Star Wars: The Clone Wars - Héroes de la República

Una perturbación en la Fuerza.

Forrest Gump, uno de los mejores personajes de la literatura del S. XX, decía que la vida es como una caja de bombones. Y yo, que soy uno de los peores articulistas del S. XXI (y eso que lo acabamos de estrenar, como quien dice), les digo que esto de reseñar juegos es como comprarse una bolsa de cacahuetes.

A priori mola, qué quieren que les diga. Estás tranquilamente en casa, de repente suena el timbre, y un amable señor con pinta de ir atareado por la vida nos encasqueta un paquete y un papel para que lo firmemos. Entonces piensas que por fin te ha llegado el nuevo juego que tienes que reseñar, y en absoluto te acuerdas, merced a esos extraños procesos del que hace gala el cerebro humano, de lo chungo que es ponerte a escribir para plasmar lo que has jugado. Sólo piensas en abrir el paquete para ver lo que es.

Pues como una bolsa de cacahuetes, lo que yo les diga.

Te la compras, contento porque te ha costado cuatro duros y te llevas una buena bolsa. Auguras tardes delante de la tele, viendo una película, con tus pantuflas de piolín, una manta y el saco de cacahuetes para acompañar.

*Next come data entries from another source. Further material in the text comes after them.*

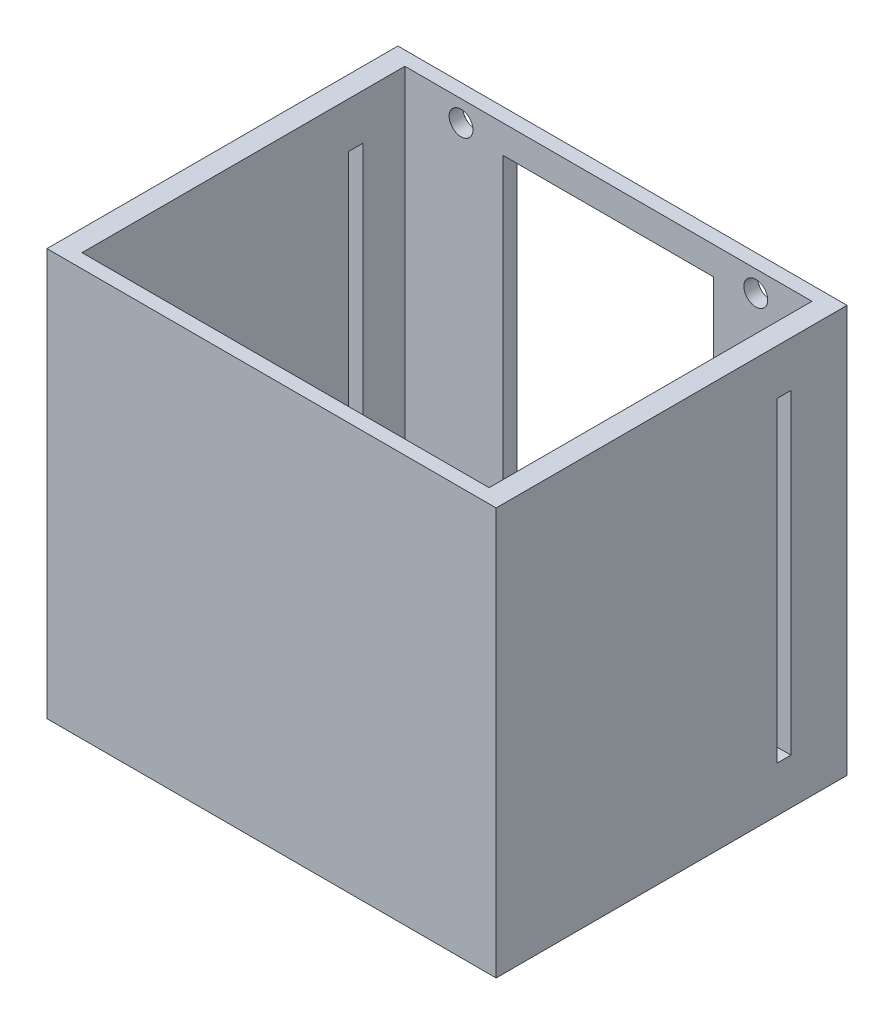
ISO-10303-21;
HEADER;
FILE_DESCRIPTION(('STEP AP214'),'2;1');
FILE_NAME('part.step','',(''),(''),'','','');
FILE_SCHEMA(('AUTOMOTIVE_DESIGN { 1 0 10303 214 1 1 1 1 }'));
ENDSEC;
DATA;
#1=APPLICATION_CONTEXT('core data for automotive mechanical design processes');
#2=APPLICATION_PROTOCOL_DEFINITION('international standard','automotive_design',2000,#1);
#3=PRODUCT_CONTEXT('',#1,'mechanical');
#4=PRODUCT('Part','Part','',(#3));
#5=PRODUCT_RELATED_PRODUCT_CATEGORY('part','',(#4));
#6=PRODUCT_DEFINITION_FORMATION('','',#4);
#7=PRODUCT_DEFINITION_CONTEXT('part definition',#1,'design');
#8=PRODUCT_DEFINITION('design','',#6,#7);
#9=PRODUCT_DEFINITION_SHAPE('','',#8);
#10=(LENGTH_UNIT() NAMED_UNIT(*) SI_UNIT(.MILLI.,.METRE.));
#11=(NAMED_UNIT(*) PLANE_ANGLE_UNIT() SI_UNIT($,.RADIAN.));
#12=(NAMED_UNIT(*) SI_UNIT($,.STERADIAN.) SOLID_ANGLE_UNIT());
#13=UNCERTAINTY_MEASURE_WITH_UNIT(LENGTH_MEASURE(1.E-05),#10,'distance_accuracy_value','');
#14=(GEOMETRIC_REPRESENTATION_CONTEXT(3) GLOBAL_UNCERTAINTY_ASSIGNED_CONTEXT((#13)) GLOBAL_UNIT_ASSIGNED_CONTEXT((#10,
#11,#12)) REPRESENTATION_CONTEXT('',''));
#15=CARTESIAN_POINT('',(0.,0.,0.));
#16=DIRECTION('',(0.,0.,1.));
#17=DIRECTION('',(1.,0.,0.));
#18=AXIS2_PLACEMENT_3D('',#15,#16,#17);
#19=CARTESIAN_POINT('',(-32.,58.,25.));
#20=DIRECTION('',(1.,0.,0.));
#21=DIRECTION('',(0.,0.,-1.));
#22=AXIS2_PLACEMENT_3D('',#19,#20,#21);
#23=PLANE('',#22);
#24=DIRECTION('',(0.,0.,-1.));
#25=VECTOR('',#24,1.);
#26=CARTESIAN_POINT('',(-32.,6.50000000000002,25.));
#27=LINE('',#26,#25);
#28=CARTESIAN_POINT('',(-32.,6.50000000000002,-15.));
#29=VERTEX_POINT('',#28);
#30=CARTESIAN_POINT('',(-32.,6.50000000000002,-17.));
#31=VERTEX_POINT('',#30);
#32=EDGE_CURVE('E255',#29,#31,#27,.T.);
#33=ORIENTED_EDGE('',*,*,#32,.T.);
#34=DIRECTION('',(0.,1.,0.));
#35=VECTOR('',#34,1.);
#36=CARTESIAN_POINT('',(-32.,58.,-17.));
#37=LINE('',#36,#35);
#38=CARTESIAN_POINT('',(-32.,51.5,-17.));
#39=VERTEX_POINT('',#38);
#40=EDGE_CURVE('E258',#31,#39,#37,.T.);
#41=ORIENTED_EDGE('',*,*,#40,.T.);
#42=DIRECTION('',(0.,0.,1.));
#43=VECTOR('',#42,1.);
#44=CARTESIAN_POINT('',(-32.,51.5,25.));
#45=LINE('',#44,#43);
#46=CARTESIAN_POINT('',(-32.,51.5,-15.));
#47=VERTEX_POINT('',#46);
#48=EDGE_CURVE('E243',#39,#47,#45,.T.);
#49=ORIENTED_EDGE('',*,*,#48,.T.);
#50=DIRECTION('',(0.,-1.,0.));
#51=VECTOR('',#50,1.);
#52=CARTESIAN_POINT('',(-32.,58.,-15.));
#53=LINE('',#52,#51);
#54=EDGE_CURVE('E252',#47,#29,#53,.T.);
#55=ORIENTED_EDGE('',*,*,#54,.T.);
#56=EDGE_LOOP('',(#33,#41,#49,#55));
#57=FACE_BOUND('',#56,.T.);
#58=DIRECTION('',(0.,0.,1.));
#59=VECTOR('',#58,1.);
#60=CARTESIAN_POINT('',(-32.,0.,25.));
#61=LINE('',#60,#59);
#62=CARTESIAN_POINT('',(-32.,0.,-25.));
#63=VERTEX_POINT('',#62);
#64=CARTESIAN_POINT('',(-32.,0.,25.));
#65=VERTEX_POINT('',#64);
#66=EDGE_CURVE('E319',#63,#65,#61,.T.);
#67=ORIENTED_EDGE('',*,*,#66,.T.);
#68=DIRECTION('',(0.,-1.,0.));
#69=VECTOR('',#68,1.);
#70=CARTESIAN_POINT('',(-32.,58.,25.));
#71=LINE('',#70,#69);
#72=CARTESIAN_POINT('',(-32.,58.,25.));
#73=VERTEX_POINT('',#72);
#74=EDGE_CURVE('E352',#73,#65,#71,.T.);
#75=ORIENTED_EDGE('',*,*,#74,.F.);
#76=DIRECTION('',(0.,0.,1.));
#77=VECTOR('',#76,1.);
#78=CARTESIAN_POINT('',(-32.,58.,25.));
#79=LINE('',#78,#77);
#80=CARTESIAN_POINT('',(-32.,58.,-25.));
#81=VERTEX_POINT('',#80);
#82=EDGE_CURVE('E326',#81,#73,#79,.T.);
#83=ORIENTED_EDGE('',*,*,#82,.F.);
#84=DIRECTION('',(0.,-1.,0.));
#85=VECTOR('',#84,1.);
#86=CARTESIAN_POINT('',(-32.,58.,-25.));
#87=LINE('',#86,#85);
#88=EDGE_CURVE('E336',#81,#63,#87,.T.);
#89=ORIENTED_EDGE('',*,*,#88,.T.);
#90=EDGE_LOOP('',(#67,#75,#83,#89));
#91=FACE_BOUND('',#90,.T.);
#92=ADVANCED_FACE('F37',(#57,#91),#23,.F.);
#93=CARTESIAN_POINT('',(32.,58.,25.));
#94=DIRECTION('',(0.,0.,-1.));
#95=DIRECTION('',(-1.,0.,0.));
#96=AXIS2_PLACEMENT_3D('',#93,#94,#95);
#97=PLANE('',#96);
#98=DIRECTION('',(1.,0.,0.));
#99=VECTOR('',#98,1.);
#100=CARTESIAN_POINT('',(32.,0.,25.));
#101=LINE('',#100,#99);
#102=CARTESIAN_POINT('',(32.,0.,25.));
#103=VERTEX_POINT('',#102);
#104=EDGE_CURVE('E339',#65,#103,#101,.T.);
#105=ORIENTED_EDGE('',*,*,#104,.T.);
#106=DIRECTION('',(0.,-1.,0.));
#107=VECTOR('',#106,1.);
#108=CARTESIAN_POINT('',(32.,58.,25.));
#109=LINE('',#108,#107);
#110=CARTESIAN_POINT('',(32.,58.,25.));
#111=VERTEX_POINT('',#110);
#112=EDGE_CURVE('E349',#111,#103,#109,.T.);
#113=ORIENTED_EDGE('',*,*,#112,.F.);
#114=DIRECTION('',(1.,0.,0.));
#115=VECTOR('',#114,1.);
#116=CARTESIAN_POINT('',(32.,58.,25.));
#117=LINE('',#116,#115);
#118=EDGE_CURVE('E329',#73,#111,#117,.T.);
#119=ORIENTED_EDGE('',*,*,#118,.F.);
#120=ORIENTED_EDGE('',*,*,#74,.T.);
#121=EDGE_LOOP('',(#105,#113,#119,#120));
#122=FACE_BOUND('',#121,.T.);
#123=ADVANCED_FACE('F386',(#122),#97,.F.);
#124=CARTESIAN_POINT('',(32.,58.,25.));
#125=DIRECTION('',(-1.,0.,0.));
#126=DIRECTION('',(0.,0.,1.));
#127=AXIS2_PLACEMENT_3D('',#124,#125,#126);
#128=PLANE('',#127);
#129=DIRECTION('',(0.,0.,-1.));
#130=VECTOR('',#129,1.);
#131=CARTESIAN_POINT('',(32.,51.5,25.));
#132=LINE('',#131,#130);
#133=CARTESIAN_POINT('',(32.,51.5,-15.));
#134=VERTEX_POINT('',#133);
#135=CARTESIAN_POINT('',(32.,51.5,-17.));
#136=VERTEX_POINT('',#135);
#137=EDGE_CURVE('E287',#134,#136,#132,.T.);
#138=ORIENTED_EDGE('',*,*,#137,.T.);
#139=DIRECTION('',(0.,-1.,0.));
#140=VECTOR('',#139,1.);
#141=CARTESIAN_POINT('',(32.,58.,-17.));
#142=LINE('',#141,#140);
#143=CARTESIAN_POINT('',(32.,6.5,-17.));
#144=VERTEX_POINT('',#143);
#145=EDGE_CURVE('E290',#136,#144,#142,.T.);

Pero entonces abres el paquete y el primer cacahuete está rancio. No pasa nada, sigues comiendo tranquilamente. Y te encuentras otro cacahuete rancio. Y otro. Y otro más. Y entonces empiezas a pensar que haberte llevado a casa medio kilo de cacahuetes por dos euros tal vez no sea el ofertón que pensabas que era. Al final, dependiendo de la calidad de la bolsa, el recuerdo que te quedará será más o menos amargo, directamente proporcional a la cantidad de cacahuetes de esas características que hayas tenido que tirar a la basura.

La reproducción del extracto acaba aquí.